C++ – Exceptions with Unicode what()

cc++11

Or, "how do Russians throw exceptions?"

The definition of std::exception is:

namespace std {
  class exception {
  public:
    exception() throw();
    exception(const exception&) throw();
    exception& operator=(const exception&) throw();
    virtual ~exception() throw();
    virtual const char* what() const throw();
  };
}

A popular school of thought for designing exception hierarchies is to derive from std::exception:

Generally, it's best to throw objects,
not built-ins. If possible, you should
throw instances of classes that derive
(ultimately) from the std::exception
class. By making your exception class
inherit (ultimately) from the standard
exception base-class, you are making
life easier for your users (they have
the option of catching most things via
std::exception), plus you are probably
providing them with more information
(such as the fact that your particular
exception might be a refinement of
std::runtime_error or whatever).

But in the face of Unicode, it seems to be impossible to design an exception hierarchy that achieves both of the following:

  • Derives ultimately from std::exception for ease of use at the catch site
  • Provides Unicode compatibility so that diagnostics are not sliced or gibberish

Coming up with an exception class that can be constructed with Unicode strings is simple enough.
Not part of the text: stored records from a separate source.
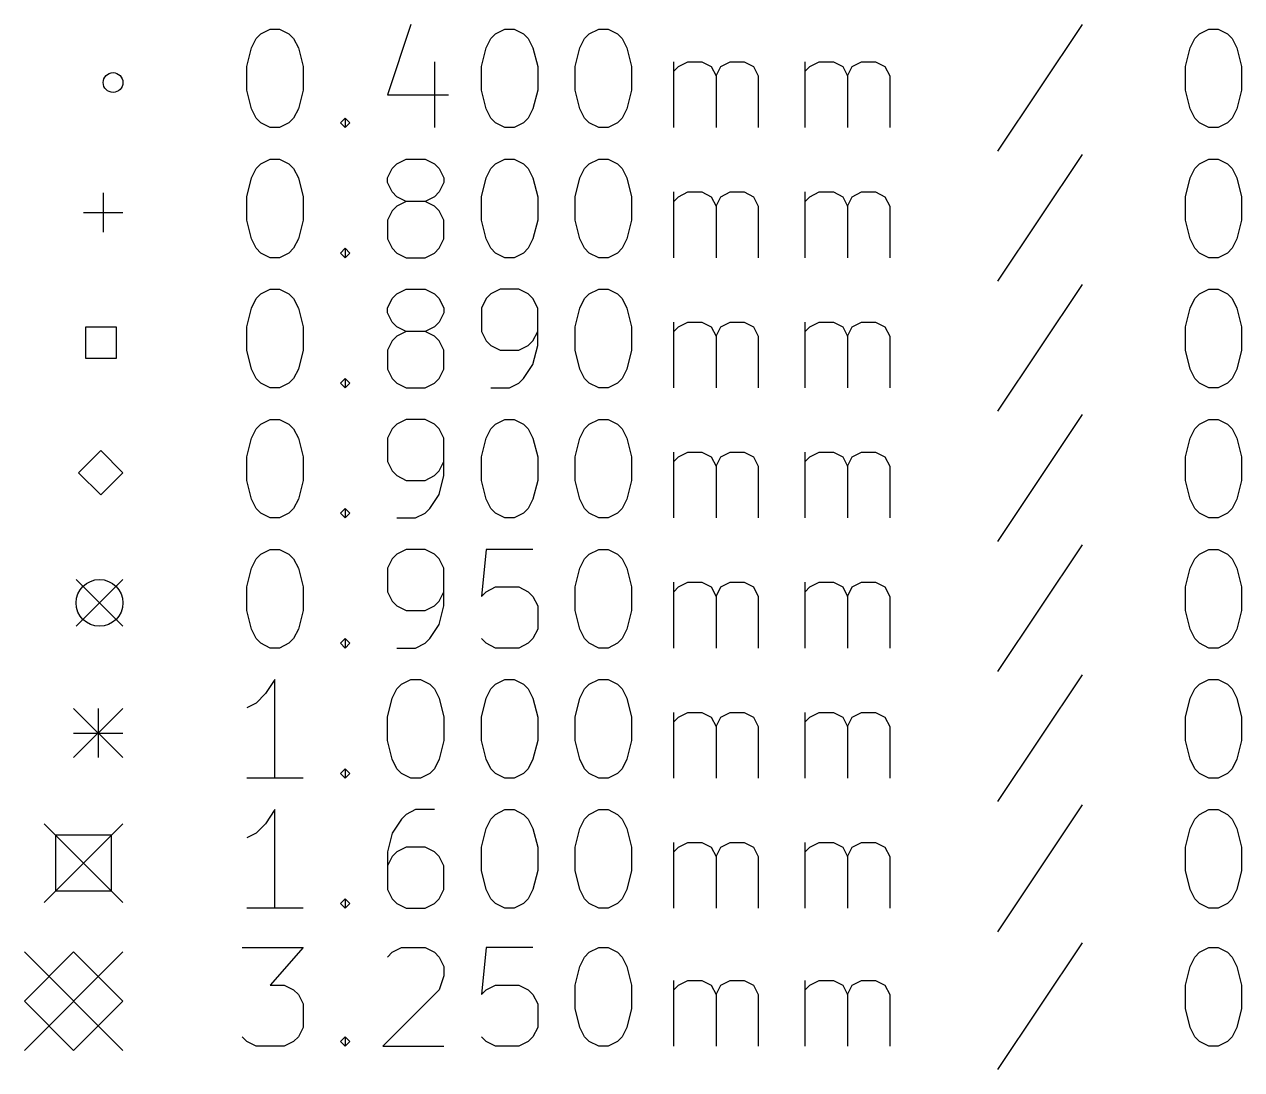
# Model space of a CAD drawing. Extents: x 136.8 to 233.4, y -152.4 to -63.8.
# Drawn here: x 136.84 to 161.54, y -152.11 to -130.9 of the extents above; entities that cross this region are included whole.
import ezdxf

# ---------------------------------------------------------------- set-up
doc = ezdxf.new("R2010")
doc.units = 0
doc.layers.add('BLACK', color=7, linetype='CONTINUOUS')

msp = doc.modelspace()

# ---------------------------------------------------------------- linework, layer by layer
at = {"layer": 'BLACK', "linetype": 'CONTINUOUS'}
for p, q in [((144.683863, -130.8956), (144.207673, -132.324171)), ((158.302912, -130.8956), (156.588627, -133.467028)), ((141.541006, -131.181314), (141.636244, -131.086076)), ((141.636244, -131.086076), (141.82672, -130.990838)), ((141.82672, -130.990838), (142.017197, -130.990838)), ((142.017197, -130.990838), (142.207673, -131.086076)), ((142.207673, -131.086076), (142.302911, -131.181314)), ((146.302911, -131.181314), (146.398149, -131.086076)), ((146.398149, -131.086076), (146.588625, -130.990838)), ((146.588625, -130.990838), (146.779102, -130.990838)), ((146.779102, -130.990838), (146.969578, -131.086076)), ((146.969578, -131.086076), (147.064816, -131.181314)), ((148.207673, -131.181314), (148.302911, -131.086076)), ((148.302911, -131.086076), (148.493387, -130.990838)), ((148.493387, -130.990838), (148.683864, -130.990838)), ((148.683864, -130.990838), (148.87434, -131.086076)), ((148.87434, -131.086076), (148.969578, -131.181314)), ((160.588627, -131.181314), (160.683865, -131.086076)), ((160.683865, -131.086076), (160.874341, -130.990838)), ((160.874341, -130.990838), (161.064818, -130.990838)), ((161.064818, -130.990838), (161.255294, -131.086076)), ((161.255294, -131.086076), (161.350532, -131.181314)), ((141.35053, -131.752742), (141.445768, -131.37179)), ((141.445768, -131.37179), (141.541006, -131.181314)), ((142.302911, -131.181314), (142.398149, -131.37179)), ((142.398149, -131.37179), (142.493387, -131.752742)), ((146.112435, -131.752742), (146.207673, -131.37179)), ((146.207673, -131.37179), (146.302911, -131.181314)), ((147.064816, -131.181314), (147.160054, -131.37179)), ((147.160054, -131.37179), (147.255292, -131.752742)), ((148.017197, -131.752742), (148.112435, -131.37179)), ((148.112435, -131.37179), (148.207673, -131.181314)), ((148.969578, -131.181314), (149.064816, -131.37179)), ((149.064816, -131.37179), (149.160054, -131.752742)), ((160.398151, -131.752742), (160.493389, -131.37179)), ((160.493389, -131.37179), (160.588627, -131.181314)), ((161.350532, -131.181314), (161.44577, -131.37179)), ((161.44577, -131.37179), (161.541008, -131.752742)), ((145.160054, -131.657504), (145.160054, -132.990838)), ((150.017197, -132.990838), (150.017197, -131.657504)), ((150.112435, -131.752742), (150.302911, -131.657504)), ((150.302911, -131.657504), (150.588626, -131.657504)), ((150.588626, -131.657504), (150.779102, -131.752742)), ((150.969578, -131.752742), (151.160054, -131.657504)), ((151.160054, -131.657504), (151.445768, -131.657504)), ((151.445768, -131.657504), (151.636245, -131.752742)), ((152.683864, -132.990838), (152.683864, -131.657504)), ((152.779102, -131.752742), (152.969578, -131.657504)), ((152.969578, -131.657504), (153.255293, -131.657504)), ((153.255293, -131.657504), (153.445769, -131.752742)), ((153.636245, -131.752742), (153.826721, -131.657504)), ((153.826721, -131.657504), (154.112435, -131.657504)), ((154.112435, -131.657504), (154.302912, -131.752742)), ((141.35053, -132.228933), (141.35053, -131.752742)), ((142.493387, -131.752742), (142.493387, -132.228933)), ((146.112435, -132.228933), (146.112435, -131.752742)), ((147.255292, -131.752742), (147.255292, -132.228933)), ((148.017197, -132.228933), (148.017197, -131.752742)), ((149.160054, -131.752742), (149.160054, -132.228933)), ((150.017197, -131.84798), (150.112435, -131.752742)), ((150.779102, -131.752742), (150.87434, -131.943219)), ((150.87434, -131.943219), (150.969578, -131.752742)), ((151.636245, -131.752742), (151.731483, -131.943219)), ((152.683864, -131.84798), (152.779102, -131.752742)), ((153.445769, -131.752742), (153.541007, -131.943219)), ((153.541007, -131.943219), (153.636245, -131.752742)), ((154.302912, -131.752742), (154.39815, -131.943219)), ((160.398151, -132.228933), (160.398151, -131.752742)), ((161.541008, -131.752742), (161.541008, -132.228933)), ((150.87434, -131.943219), (150.87434, -132.990838)), ((151.731483, -131.943219), (151.731483, -132.990838)), ((153.541007, -131.943219), (153.541007, -132.990838)), ((154.39815, -131.943219), (154.39815, -132.990838)), ((141.445768, -132.609885), (141.35053, -132.228933)), ((142.493387, -132.228933), (142.398149, -132.609885)), ((144.207673, -132.324171), (145.445768, -132.324171)), ((146.207673, -132.609885), (146.112435, -132.228933)), ((147.255292, -132.228933), (147.160054, -132.609885)), ((148.112435, -132.609885), (148.017197, -132.228933)), ((149.160054, -132.228933), (149.064816, -132.609885)), ((160.493389, -132.609885), (160.398151, -132.228933)), ((161.541008, -132.228933), (161.44577, -132.609885)), ((141.541006, -132.800361), (141.445768, -132.609885)), ((142.398149, -132.609885), (142.302911, -132.800361)), ((146.302911, -132.800361), (146.207673, -132.609885)), ((147.160054, -132.609885), (147.064816, -132.800361)), ((148.207673, -132.800361), (148.112435, -132.609885)), ((149.064816, -132.609885), (148.969578, -132.800361)), ((160.588627, -132.800361), (160.493389, -132.609885)), ((161.44577, -132.609885), (161.350532, -132.800361)), ((141.636244, -132.8956), (141.541006, -132.800361)), ((141.82672, -132.990838), (141.636244, -132.8956)), ((142.207673, -132.8956), (142.017197, -132.990838)), ((142.302911, -132.800361), (142.207673, -132.8956)), ((143.255292, -132.8956), (143.35053, -132.800361)), ((143.35053, -132.990838), (143.255292, -132.8956)), ((143.35053, -132.800361), (143.445768, -132.8956)), ((143.35053, -132.800361), (143.35053, -132.990838)), ((143.445768, -132.8956), (143.35053, -132.990838)), ((146.398149, -132.8956), (146.302911, -132.800361)), ((146.588625, -132.990838), (146.398149, -132.8956)), ((146.969578, -132.8956), (146.779102, -132.990838)), ((147.064816, -132.800361), (146.969578, -132.8956)), ((148.302911, -132.8956), (148.207673, -132.800361)), ((148.493387, -132.990838), (148.302911, -132.8956)), ((148.87434, -132.8956), (148.683864, -132.990838)), ((148.969578, -132.800361), (148.87434, -132.8956)), ((160.683865, -132.8956), (160.588627, -132.800361)), ((160.874341, -132.990838), (160.683865, -132.8956)), ((161.255294, -132.8956), (161.064818, -132.990838)), ((161.350532, -132.800361), (161.255294, -132.8956)), ((142.017197, -132.990838), (141.82672, -132.990838)), ((146.779102, -132.990838), (146.588625, -132.990838)), ((148.683864, -132.990838), (148.493387, -132.990838)), ((161.064818, -132.990838), (160.874341, -132.990838)), ((141.636244, -133.726076), (141.82672, -133.630838)), ((141.82672, -133.630838), (142.017197, -133.630838)), ((142.017197, -133.630838), (142.207673, -133.726076)), ((144.398149, -133.726076), (144.588625, -133.630838)), ((144.588625, -133.630838), (144.969578, -133.630838)), ((144.969578, -133.630838), (145.160054, -133.726076)), ((146.398149, -133.726076), (146.588625, -133.630838)), ((146.588625, -133.630838), (146.779102, -133.630838)), ((146.779102, -133.630838), (146.969578, -133.726076)), ((148.302911, -133.726076), (148.493387, -133.630838)), ((148.493387, -133.630838), (148.683864, -133.630838)), ((148.683864, -133.630838), (148.87434, -133.726076)), ((158.302912, -133.5356), (156.588627, -136.107028)), ((160.683865, -133.726076), (160.874341, -133.630838)), ((160.874341, -133.630838), (161.064818, -133.630838)), ((161.064818, -133.630838), (161.255294, -133.726076)), ((141.445768, -134.01179), (141.541006, -133.821314)), ((141.541006, -133.821314), (141.636244, -133.726076)), ((142.207673, -133.726076), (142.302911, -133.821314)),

But the standard dictates that what() must return a const char*, so at some point the input strings must be converted to ASCII. Whether that is done at construction time or when what() is called (if the source string uses characters not representable by 7-bit ASCII), it might be impossible to format the message without loss of fidelity.

How do you design an exception hierarchy that combines the seamless integration of a std::exception-derived class with lossless Unicode diagnostics?

Best Answer

char* does not mean ASCII. You could use an 8 bit Unicode encoding like UTF-8. char could also be 16 bit or more, you could then use UTF-16.